Online tools

The Career Website is back (and why you need to invest in yours ASAP)

Melissa Allen|

It almost sounds counter-intuitive that a career website would encourage employers to develop and grow their own online career portals, but we’d be doing you a disservice by not affirming that all of your online recruitment efforts should ultimately drive back to your homepage and your career site. Here’s why.

Full ownership
There’s no disputing that huge, international career networks, such as LinkedIn, all have their role to play in the hiring ecosystem, but they shouldn’t be at the centre of it, your website should because that’s what you fully control and own: from seeker experience, to creative direction, traffic, branding, and voice.

Employer Branding
First impressions count, and believe it or not, a job seeker’s first impression of you as a potential employer doesn’t happen at the job fair, or at the first interview, it happens when a job seeker is interact with your brand – whether directly through a job posting, on a third party website, or your own career site. How smooth or cumbersome it is to apply, whether or not they receive all the information they were looking for (and more) and whether they could even find the career site from the brand/company homepage will all cause potential candidates to form an opinion of your company and what it’s like to work there.

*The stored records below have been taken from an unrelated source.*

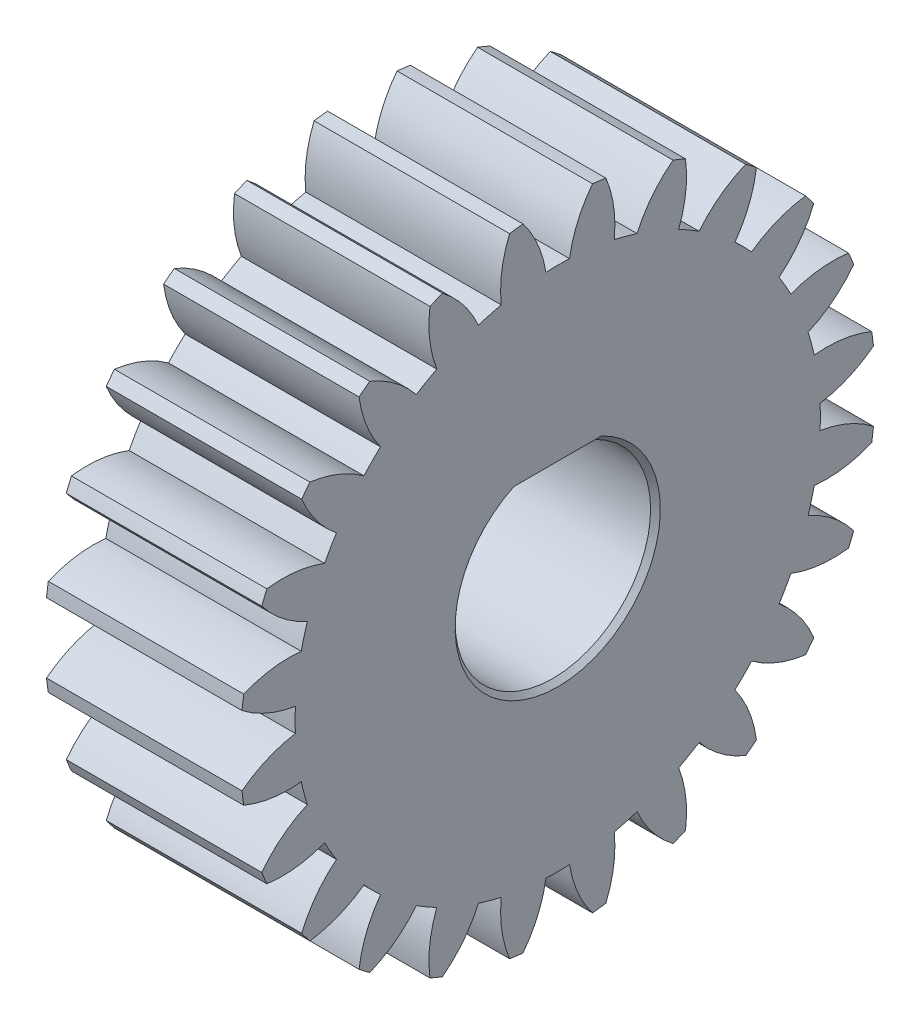
from build123d import *

# Parameters (mm, degrees)
EXTRUDE_1_DEPTH = 4
CHAMFER_1_SIZE  = 0.1


with BuildPart() as part:
    # 草图1 → 凸台-拉伸1 (new body)
    with BuildSketch(Plane(origin=(0, 0, 0), x_dir=(0, -1, 0), z_dir=(-1, 0, 0))):
        with BuildLine():
            ThreePointArc((-0.711337602, 6.460959589), (-0.848420249, 6.444391599), (-0.98512003, 6.424915449))
            ThreePointArc((-0.98512003, 6.424915449), (-1.144628565, 5.84730165), (-1.156074481, 5.248177569))
            ThreePointArc((-1.156074481, 5.248177569), (-1.390893548, 5.19088539), (-1.622898915, 5.123092339))
            ThreePointArc((-1.622898915, 5.123092339), (-1.93237341, 5.636226055), (-2.359318752, 6.056700011))
            ThreePointArc((-2.359318752, 6.056700011), (-2.48744231, 6.005216961), (-2.614443361, 5.951023938))
            ThreePointArc((-2.614443361, 5.951023938), (-2.619019322, 5.351808006), (-2.475010506, 4.770136161))
            ThreePointArc((-2.475010506, 4.770136161), (-2.687, 4.65402052), (-2.893553842, 4.528490053))
            ThreePointArc((-2.893553842, 4.528490053), (-3.325292028, 4.944041268), (-3.846516229, 5.239686336))
            ThreePointArc((-3.846516229, 5.239686336), (-3.956949289, 5.156796712), (-4.065596697, 5.071579981))
            ThreePointArc((-4.065596697, 5.071579981), (-3.91492824, 4.49159749), (-3.625278654, 3.967017857))
            ThreePointArc((-3.625278654, 3.967017857), (-3.799991842, 3.799991842), (-3.967017857, 3.625278654))
            ThreePointArc((-3.967017857, 3.625278654), (-4.49159749, 3.91492824), (-5.071579981, 4.065596697))
            ThreePointArc((-5.071579981, 4.065596697), (-5.156796712, 3.956949289), (-5.239686336, 3.846516229))
            ThreePointArc((-5.239686336, 3.846516229), (-4.944041268, 3.325292028), (-4.528490053, 2.893553842))
            ThreePointArc((-4.528490053, 2.893553842), (-4.65402052, 2.687), (-4.770136161, 2.475010506))
            ThreePointArc((-4.770136161, 2.475010506), (-5.351808006, 2.619019322), (-5.951023938, 2.614443361))
            ThreePointArc((-5.951023938, 2.614443361), (-6.005216961, 2.48744231), (-6.056700011, 2.359318752))
            ThreePointArc((-6.056700011, 2.359318752), (-5.636226055, 1.93237341), (-5.123092339, 1.622898915))
            ThreePointArc((-5.123092339, 1.622898915), (-5.19088539, 1.390893548), (-5.248177569, 1.156074481))
            ThreePointArc((-5.248177569, 1.156074481), (-5.84730165, 1.144628565), (-6.424915449, 0.98512003))
            ThreePointArc((-6.424915449, 0.98512003), (-6.444391599, 0.848420249), (-6.460959589, 0.711337602))
            ThreePointArc((-6.460959589, 0.711337602), (-5.94431135, 0.407766737), (-5.368564348, 0.241646108))
            ThreePointArc((-5.368564348, 0.241646108), (-5.374, 0), (-5.368564348, -0.241646108))
            ThreePointArc((-5.368564348, -0.241646108), (-5.94431135, -0.407766737), (-6.460959589, -0.711337602))
            ThreePointArc((-6.460959589, -0.711337602), (-6.444391599, -0.848420249), (-6.424915449, -0.98512003))
            ThreePointArc((-6.424915449, -0.98512003), (-5.84730165, -1.144628565), (-5.248177569, -1.156074481))
            ThreePointArc((-5.248177569, -1.156074481), (-5.19088539, -1.390893548), (-5.123092339, -1.622898915))
            ThreePointArc((-5.123092339, -1.622898915), (-5.636226055, -1.93237341), (-6.056700011, -2.359318752))
            ThreePointArc((-6.056700011, -2.359318752), (-6.005216961, -2.48744231), (-5.951023938, -2.614443361))
            ThreePointArc((-5.951023938, -2.614443361), (-5.351808006, -2.619019322), (-4.770136161, -2.475010506))
            ThreePointArc((-4.770136161, -2.475010506), (-4.65402052, -2.687), (-4.528490053, -2.893553842))
            ThreePointArc((-4.528490053, -2.893553842), (-4.944041268, -3.325292028), (-5.239686336, -3.846516229))
            ThreePointArc((-5.239686336, -3.846516229), (-5.156796712, -3.956949289), (-5.071579981, -4.065596697))
            ThreePointArc((-5.071579981, -4.065596697), (-4.49159749, -3.91492824), (-3.967017857, -3.625278654))
            ThreePointArc((-3.967017857, -3.625278654), (-3.799991842, -3.799991842), (-3.625278654, -3.967017857))
            ThreePointArc((-3.625278654, -3.967017857), (-3.91492824, -4.49159749), (-4.065596697, -5.071579981))
            ThreePointArc((-4.065596697, -5.071579981), (-3.956949289, -5.156796712), (-3.846516229, -5.239686336))
            ThreePointArc((-3.846516229, -5.239686336), (-3.325292028, -4.944041268), (-2.893553842, -4.528490053))
            ThreePointArc((-2.893553842, -4.528490053), (-2.687, -4.65402052), (-2.475010506, -4.770136161))
            ThreePointArc((-2.475010506, -4.770136161), (-2.619019322, -5.351808006), (-2.614443361, -5.951023938))
            ThreePointArc((-2.614443361, -5.951023938), (-2.48744231, -6.005216961), (-2.359318752, -6.056700011))
            ThreePointArc((-2.359318752, -6.056700011), (-1.93237341, -5.636226055), (-1.622898915, -5.123092339))
            ThreePointArc((-1.622898915, -5.123092339), (-1.390893548, -5.19088539), (-1.156074481, -5.248177569))
            ThreePointArc((-1.156074481, -5.248177569), (-1.144628565, -5.84730165), (-0.98512003, -6.424915449))
            ThreePointArc((-0.98512003, -6.424915449), (-0.848420249, -6.444391599), (-0.711337602, -6.460959589))
            ThreePointArc((-0.711337602, -6.460959589), (-0.407766737, -5.94431135), (-0.241646108, -5.368564348))
            ThreePointArc((-0.241646108, -5.368564348), (0, -5.374), (0.241646108, -5.368564348))
            ThreePointArc((0.241646108, -5.368564348), (0.407766737, -5.94431135), (0.711337602, -6.460959589))
            ThreePointArc((0.711337602, -6.460959589), (0.848420249, -6.444391599), (0.98512003, -6.424915449))
            ThreePointArc((0.98512003, -6.424915449), (1.144628565, -5.84730165), (1.156074481, -5.248177569))
            ThreePointArc((1.156074481, -5.248177569), (1.390893548, -5.19088539), (1.622898915, -5.123092339))
            ThreePointArc((1.622898915, -5.123092339), (1.93237341, -5.636226055), (2.359318752, -6.056700011))
            ThreePointArc((2.359318752, -6.056700011), (2.48744231, -6.005216961), (2.614443361, -5.951023938))
            ThreePointArc((2.614443361, -5.951023938), (2.619019322, -5.351808006), (2.475010506, -4.770136161))
            ThreePointArc((2.475010506, -4.770136161), (2.687, -4.65402052), (2.893553842, -4.528490053))
            ThreePointArc((2.893553842, -4.528490053), (3.325292028, -4.944041268), (3.846516229, -5.239686336))
            ThreePointArc((3.846516229, -5.239686336), (3.956949289, -5.156796712), (4.065596697, -5.071579981))
            ThreePointArc((4.065596697, -5.071579981), (3.91492824, -4.49159749), (3.625278654, -3.967017857))
            ThreePointArc((3.625278654, -3.967017857), (3.799991842, -3.799991842), (3.967017857, -3.625278654))
            ThreePointArc((3.967017857, -3.625278654), (4.49159749, -3.91492824), (5.071579981, -4.065596697))
            ThreePointArc((5.071579981, -4.065596697), (5.156796712, -3.956949289), (5.239686336, -3.846516229))
            ThreePointArc((5.239686336, -3.846516229), (4.944041268, -3.325292028), (4.528490053, -2.893553842))
            ThreePointArc((4.528490053, -2.893553842), (4.65402052, -2.687), (4.770136161, -2.475010506))
            ThreePointArc((4.770136161, -2.475010506), (5.351808006, -2.619019322), (5.951023938, -2.614443361))
            ThreePointArc((5.951023938, -2.614443361), (6.005216961, -2.48744231), (6.056700011, -2.359318752))
            ThreePointArc((6.056700011, -2.359318752), (5.636226055, -1.93237341), (5.123092339, -1.622898915))
            ThreePointArc((5.123092339, -1.622898915), (5.19088539, -1.390893548), (5.248177569, -1.156074481))
            ThreePointArc((5.248177569, -1.156074481), (5.84730165, -1.144628565), (6.424915449, -0.98512003))
            ThreePointArc((6.424915449, -0.98512003), (6.444391599, -0.848420249), (6.460959589, -0.711337602))
            ThreePointArc((6.460959589, -0.711337602), (5.94431135, -0.407766737), (5.368564348, -0.241646108))
            ThreePointArc((5.368564348, -0.241646108), (5.374, 0), (5.368564348, 0.241646108))
            ThreePointArc((5.368564348, 0.241646108), (5.94431135, 0.407766737), (6.460959589, 0.711337602))
            ThreePointArc((6.460959589, 0.711337602), (6.444391599, 0.848420249), (6.424915449, 0.98512003))
            ThreePointArc((6.424915449, 0.98512003), (5.84730165, 1.144628565), (5.248177569, 1.156074481))
            ThreePointArc((5.248177569, 1.156074481), (5.19088539, 1.390893548), (5.123092339, 1.622898915))
            ThreePointArc((5.123092339, 1.622898915), (5.636226055, 1.93237341), (6.056700011, 2.359318752))
            ThreePointArc((6.056700011, 2.359318752), (6.005216961, 2.48744231), (5.951023938, 2.614443361))
            ThreePointArc((5.951023938, 2.614443361), (5.351808006, 2.619019322), (4.770136161, 2.475010506))
            ThreePointArc((4.770136161, 2.475010506), (4.65402052, 2.687), (4.528490053, 2.893553842))
            ThreePointArc((4.528490053, 2.893553842), (4.944041268, 3.325292028), (5.239686336, 3.846516229))
            ThreePointArc((5.239686336, 3.846516229), (5.156796712, 3.956949289), (5.071579981, 4.065596697))
            ThreePointArc((5.071579981, 4.065596697), (4.49159749, 3.91492824), (3.967017857, 3.625278654))
            ThreePointArc((3.967017857, 3.625278654), (3.799991842, 3.799991842), (3.625278654, 3.967017857))
            ThreePointArc((3.625278654, 3.967017857), (3.91492824, 4.49159749), (4.065596697, 5.071579981))
            ThreePointArc((4.065596697, 5.071579981), (3.956949289, 5.156796712), (3.846516229, 5.239686336))
            ThreePointArc((3.846516229, 5.239686336), (3.325292028, 4.944041268), (2.893553842, 4.528490053))
            ThreePointArc((2.893553842, 4.528490053), (2.687, 4.65402052), (2.475010506, 4.770136161))
            ThreePointArc((2.475010506, 4.770136161), (2.619019322, 5.351808006), (2.614443361, 5.951023938))
            ThreePointArc((2.614443361, 5.951023938), (2.48744231, 6.005216961), (2.359318752, 6.056700011))
            ThreePointArc((2.359318752, 6.056700011), (1.93237341, 5.636226055), (1.622898915, 5.123092339))
            ThreePointArc((1.622898915, 5.123092339), (1.390893548, 5.19088539), (1.156074481, 5.248177569))
            ThreePointArc((1.156074481, 5.248177569), (1.144628565, 5.84730165), (0.98512003, 6.424915449))
            ThreePointArc((0.98512003, 6.424915449), (0.848420249, 6.444391599), (0.711337602, 6.460959589))
            ThreePointArc((0.711337602, 6.460959589), (0.407766737, 5.94431135), (0.241646108, 5.368564348))
            ThreePointArc((0.241646108, 5.368564348), (0, 5.374), (-0.241646108, 5.368564348))
            ThreePointArc((-0.241646108, 5.368564348), (-0.407766737, 5.94431135), (-0.711337602, 6.460959589))
        make_face()
        with BuildLine():
            Line((-1.8, -0.871779789), (-1.8, 0.871779789))
            ThreePointArc((-1.8, 0.871779789), (2, 0), (-1.8, -0.871779789))
        make_face(mode=Mode.SUBTRACT)
    extrude(amount=-EXTRUDE_1_DEPTH)

    # 倒角1
    chamfer_1_edges = [part.edges().sort_by_distance(p)[0] for p in [
        (4, -2, 0),
        (4, 1.8, 0),
        (0, -2, 0),
        (0, 1.8, 0),
    ]]
    chamfer(chamfer_1_edges, length=CHAMFER_1_SIZE)


solid = part.part

Be where job seekers expect you to be
A little over 23% of new hires come through a company’s career site, coming in second only to referrals. While social media recruitment is growing, job seekers continue to rely on company career sites. For example, my friend, who is junior counsel at a law firm, recently told me that at least in his law specialty, lawyers aren’t very active on career-based social media platforms like LinkedIn. Ditto goes for jobs that require their employees to maintain a certain level of discretion and privacy, such as certain government agencies, security/law enforcement, etc. Also note that job seekers coming from these kinds of backgrounds maybe not be active on social media, and instead would search jobs directly from your site.

Ownership, stronger employer branding, and capturing more qualified candidates are just a few of the many benefits of creating a robust company career site. A user-friendly, content-rich career site will signal to job seekers and potential employees what makes your company a great place to work and serves as a hub from which to diffuse your employer messaging.